Zooetics: Nature

Friday, 12 December, Kaunas University of Technology, Kaunas, Lithuania

Zooetics is a series of public lectures at Kaunas University of Technology, Winter 2014. Leading thinkers across the fields of humanities, design and engineering will unpack the notions of Interspecies, Anthropocene and Nature, and propose new conjunctions across these ideas. The Lectures are free but it is essential to book since places are limited.

Skylar Tibbits – Self-Assembly & Programmable Materials

There is a disciplinary convergence upon us, one that spans from the nano-scale to the human-scale. We are now able to program nearly every material from bits to DNA, proteins, proto-cells, smart materials, even products and infrastructure. There is a growing demand to translate these capabilities into solutions for large-scale applications rather than purely small-scale technologies. The Self-Assembly Lab aims towards the built-environment, from manufacturing, construction, infrastructure and products to develop more adaptive and highly resilient systems. They have demonstrated that self-assembly is scale-independent and have produced prototypes transforming from 1D, 2D to 3D and even 4D Printing aimed at inventing a future of programmable built environments.

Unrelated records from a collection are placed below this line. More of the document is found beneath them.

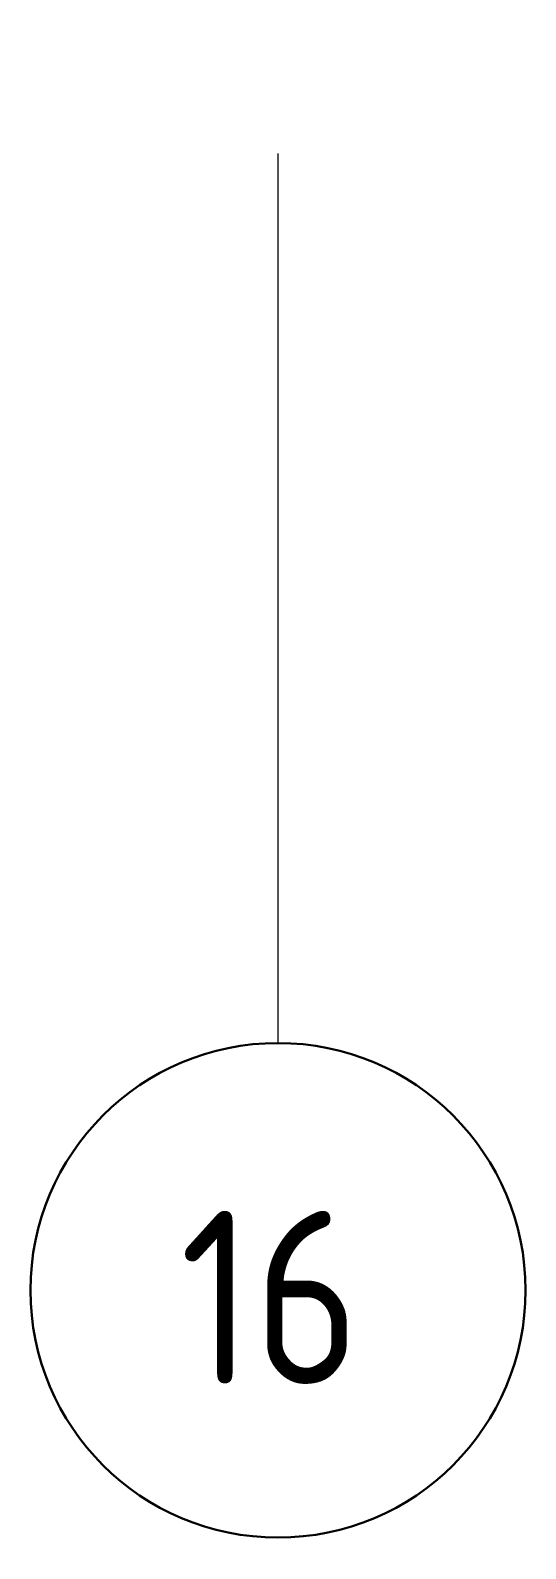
# Model space of a CAD drawing. Header units: millimetres. Extents: x 578 to 1029, y 98 to 264.
# Drawn here: x 794.25 to 795.75, y 219.58 to 224.185 of the extents above; entities that cross this region are included whole.
import ezdxf

# ---------------------------------------------------------------- set-up
doc = ezdxf.new("R2010")
doc.units = ezdxf.units.MM
doc.linetypes.add('Штрихпунктир 15 х 2 х 2 мм', pattern=[19, 15, -2, 0, -2])
doc.layers.add('Гидрошп', color=7, linetype='Continuous', lineweight=30)
doc.layers.add('Оси', color=7, linetype='Continuous', lineweight=18)
doc.styles.add('ISOCPEUR', font='isocpeur.ttf', dxfattribs={"width": 0.85, "height": 525})

# ---------------------------------------------------------------- blocks, each defined once
blk = doc.blocks.new('Ось сетки - Диаметр 10 мм-4594982-30_S_RC_Схема расположения ростверков_фрагмент')
at = {"layer": 'Оси'}
for start, end in [(360, 180), (180, 360)]:
    blk.add_arc((0, 0), 5, start, end, dxfattribs=at)

msp = doc.modelspace()

# ---------------------------------------------------------------- linework, layer by layer
at = {"layer": 'Гидрошп', "color": 7, "linetype": 'Штрихпунктир 15 х 2 х 2 мм', "lineweight": 13}
msp.add_line((795, 262.0114), (795, 221.1138), dxfattribs=at)
msp.add_line((795, 262.0114), (795, 221.1138), dxfattribs=at)
msp.add_line((795, 262.0114), (795, 221.1138), dxfattribs=at)
msp.add_line((795, 262.0114), (795, 221.1138), dxfattribs=at)
at = {"layer": 'Гидрошп'}
for start, end in [(0, 180), (0, 180), (180, 0), (180, 0)]:
    msp.add_arc((795, 220.3638), 0.75, start, end, dxfattribs=at)
at = {"layer": 'Оси', "color": 7, "linetype": 'Штрихпунктир 15 х 2 х 2 мм'}
msp.add_line((795, 262.0114), (795, 221.1138), dxfattribs=at)
msp.add_line((795, 262.0114), (795, 221.1138), dxfattribs=at)
msp.add_line((795, 262.0114), (795, 221.1138), dxfattribs=at)
msp.add_line((795, 262.0114), (795, 221.1138), dxfattribs=at)

# ---------------------------------------------------------------- block references
at = {"layer": 'Оси', "xscale": 0.1499999999999999, "yscale": 0.1499999999999999, "zscale": 0.1499999999999999, "rotation": 180}
msp.add_blockref('Ось сетки - Диаметр 10 мм-4594982-30_S_RC_Схема расположения ростверков_фрагмент', (795, 220.3638), dxfattribs=at)
msp.add_blockref('Ось сетки - Диаметр 10 мм-4594982-30_S_RC_Схема расположения ростверков_фрагмент', (795, 220.3638), dxfattribs=at)

# ---------------------------------------------------------------- texts
at = {"layer": 'Гидрошп', "lineweight": 13, "insert": (794.7026, 220.6048), "char_height": 0.525, "width": 0.654177, "attachment_point": 1, "style": 'ISOCPEUR'}
msp.add_mtext('16', dxfattribs=at)
msp.add_mtext('16', dxfattribs=at)
at = {"layer": 'Оси', "insert": (794.7026, 220.6048), "char_height": 0.525, "width": 0.654177, "attachment_point": 1, "style": 'ISOCPEUR'}
msp.add_mtext('16', dxfattribs=at)
msp.add_mtext('16', dxfattribs=at)

doc.saveas('drawing.dxf')
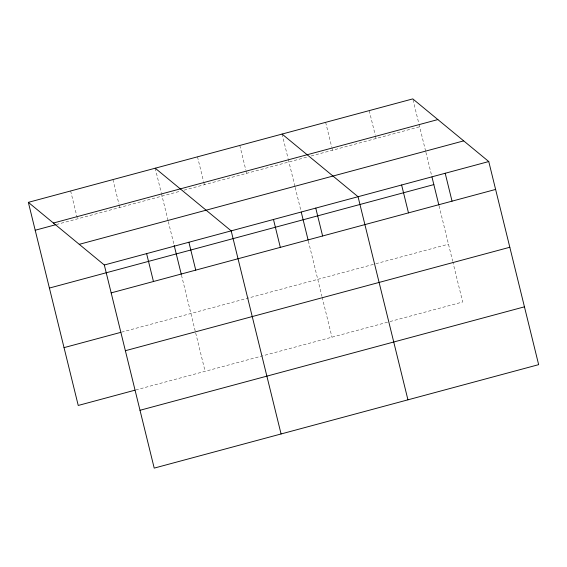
<?xml version="1.0" encoding="UTF-8"?>
<svg xmlns="http://www.w3.org/2000/svg" width="567" height="567" viewBox="0 0 567 567"><rect width="100%" height="100%" fill="white"/><g stroke="black" fill="none" stroke-linecap="round" stroke-linejoin="round"><path stroke-width="0.43" stroke-dasharray="2.83 2.13" d="M56.346 224.546L180.675 191.086M184.055 190.179L307.725 156.896M311.141 155.982L419.637 126.781M121.551 332.156L375.007 263.953M375.857 263.719L448.476 244.179M135.747 389.976L389.21 321.772M390.061 321.539L462.679 301.998L452.863 262.032M412.996 99.742L418.807 123.4M419.02 124.244L425.697 151.439M425.902 152.289L431.756 176.103M439.071 205.878L452.65 261.181M369.223 110.622L375.241 135.123M375.446 135.974L376.07 138.504M325.649 122.344L331.667 146.853M331.879 147.696L332.503 150.234M282.082 134.067L288.1 158.576M288.305 159.419L294.989 186.614M295.194 187.464L300.836 210.428M308.356 241.053L321.943 296.357M322.148 297.207L331.964 337.174M239.791 145.45L245.809 169.958M246.021 170.802L246.645 173.339M197.5 156.832L203.525 181.334M203.73 182.184L204.354 184.714M155.216 168.208L161.234 192.716M161.439 193.56L168.123 220.754M168.328 221.605L173.97 244.561M181.497 275.193L205.105 371.314M112.925 179.59L118.95 204.099M119.155 204.942L119.779 207.479M70.641 190.973L77.488 218.855"/><path stroke-width="0.85" d="M28.35 202.348L412.79 98.892L488.761 161.545L538.65 364.652L154.21 468.108L104.321 265.002L28.35 202.348L78.239 405.455L134.903 390.202M53.418 223.022L437.859 119.573M35.197 230.237L55.495 224.773M79.252 244.327L463.693 140.871M104.321 265.002L488.761 161.545M49.4 288.057L433.84 184.601M111.175 292.884L495.615 189.435M64.036 347.635L120.7 332.382M125.378 350.711L509.818 247.255M140.006 410.281L524.447 306.832M282.082 134.067L358.053 196.721L407.942 399.827M155.216 168.208L231.187 230.861L281.076 433.968M445.194 173.268L452.041 201.157M431.962 176.954L438.858 205.027M401.62 184.998L408.474 212.88M315.762 208.103L322.616 235.985M301.254 212.129L308.15 240.202M273.478 219.479L280.325 247.368M188.896 242.237L195.75 270.126M174.175 245.412L181.284 274.343M146.612 253.619L153.459 281.508"/></g></svg>

Caleb Harper – Future of urban food research: CityFARM

The world is currently one generation away from global food insecurity. By 2030, 9 billion people will populate the globe and 6 out of every 10 people will live in cities. Subsequently, the future of global food production will mandate a paradigm shift away from inefficient, environmentally detrimental practices to more resource efficient, environmentally sound, urban food growing solutions. Thus, CityFARM.

CityFARM is a commercially scaled food production system which can efficiently produce high quantities of quality fruits and vegetables in urban areas. It uses highly innovative aeroponic growing technologies and integrates them into the urban environment; simultaneously the CityFARM methodology eliminates chemical pesticides and reduces water consumption by 98%. Significantly, by deemphasizing distant location/soil based growing, environmental contamination will be reduced, water supplies will be preserved, and ground water can be protected from contamination. Long haul fuel costs and carbon emissions will be reduced, food waste due to transport will diminish, and supply will be less susceptible to weather and seasonal instability.

The metrics of CityFARM are advantageous and highly productive. A 1200 sq ft area of CityFARM yield is equal to the yield of 1 acre of arable land. When CityFARM is integrated into an urban residential development, a thin band of façade (6ft x 60ft x 20 stories) is capable of feeding 80,000 people annually. It can generate $2-3.5M in gross sales, reduce urban food costs, increase accessibility to quality food, and create new urban jobs.

Skylar Tibbits is a Research Scientist in MIT’s Department of Architecture, teaching graduate and undergraduate design studios and co-teaching ‘How to Make (Almost) Anything’, a seminar at MIT’s Media Lab. He was recently awarded a 2013 Architectural League Prize, The Next Idea Award at Ars Electronica 2013, the Visionary Innovation Award at the Manufacturing Leadership Summit, a 2012 TED Senior Fellowship and was named a Revolutionary Mind in SEED Magazine’s 2008 Design Issue. MIT’s Self-Assembly Lab, directed by Skylar Tibbits, focuses on self-assembly and programmable material technologies for novel manufacturing, products and construction processes. He is the founder and principal of a multidisciplinary design practice, SJET LLC.

Previously he worked at design offices including Zaha Hadid Architects, Asymptote Architecture and Point b Design. He designed and built large-scale installations at galleries around the world, has been published extensively in, for examples, the New York Times, Wired, Nature, Fast Company. He has a Professional Degree in Architecture and minor in experimental computation from Philadelphia University. Continuing his education at MIT, he received a Masters of Science in Design Computation and a Masters of Science in Computer Science under the guidance of Patrick Winston, Terry Knight, Erik Demaine and Neil Gershenfeld.

Caleb Harper is the founder of the CityFARM research group within the City Science Initiative at the MIT Media Lab. He leads the anti-disciplinary group of engineers, architects, urban planners, economists and plant scientists in the exploration and development of high performance urban agricultural systems. His current work is focused in the areas of building integrated and control environment agriculture, actuated sensing, control automation and data-driven resource and energy optimization. Caleb has recently launched the OpenAG network and with strategic partners in the food industry, government and academia to develop the world’s first open source “AG Tech” research collective for the creation of the global agricultural data commons. In addition to his role at MIT, Caleb is a consultant to multiple international development agencies on high-density low-income urban housing projects and has worked professionally on development projects in the high tech space including data centers, healthcare and fab facilities.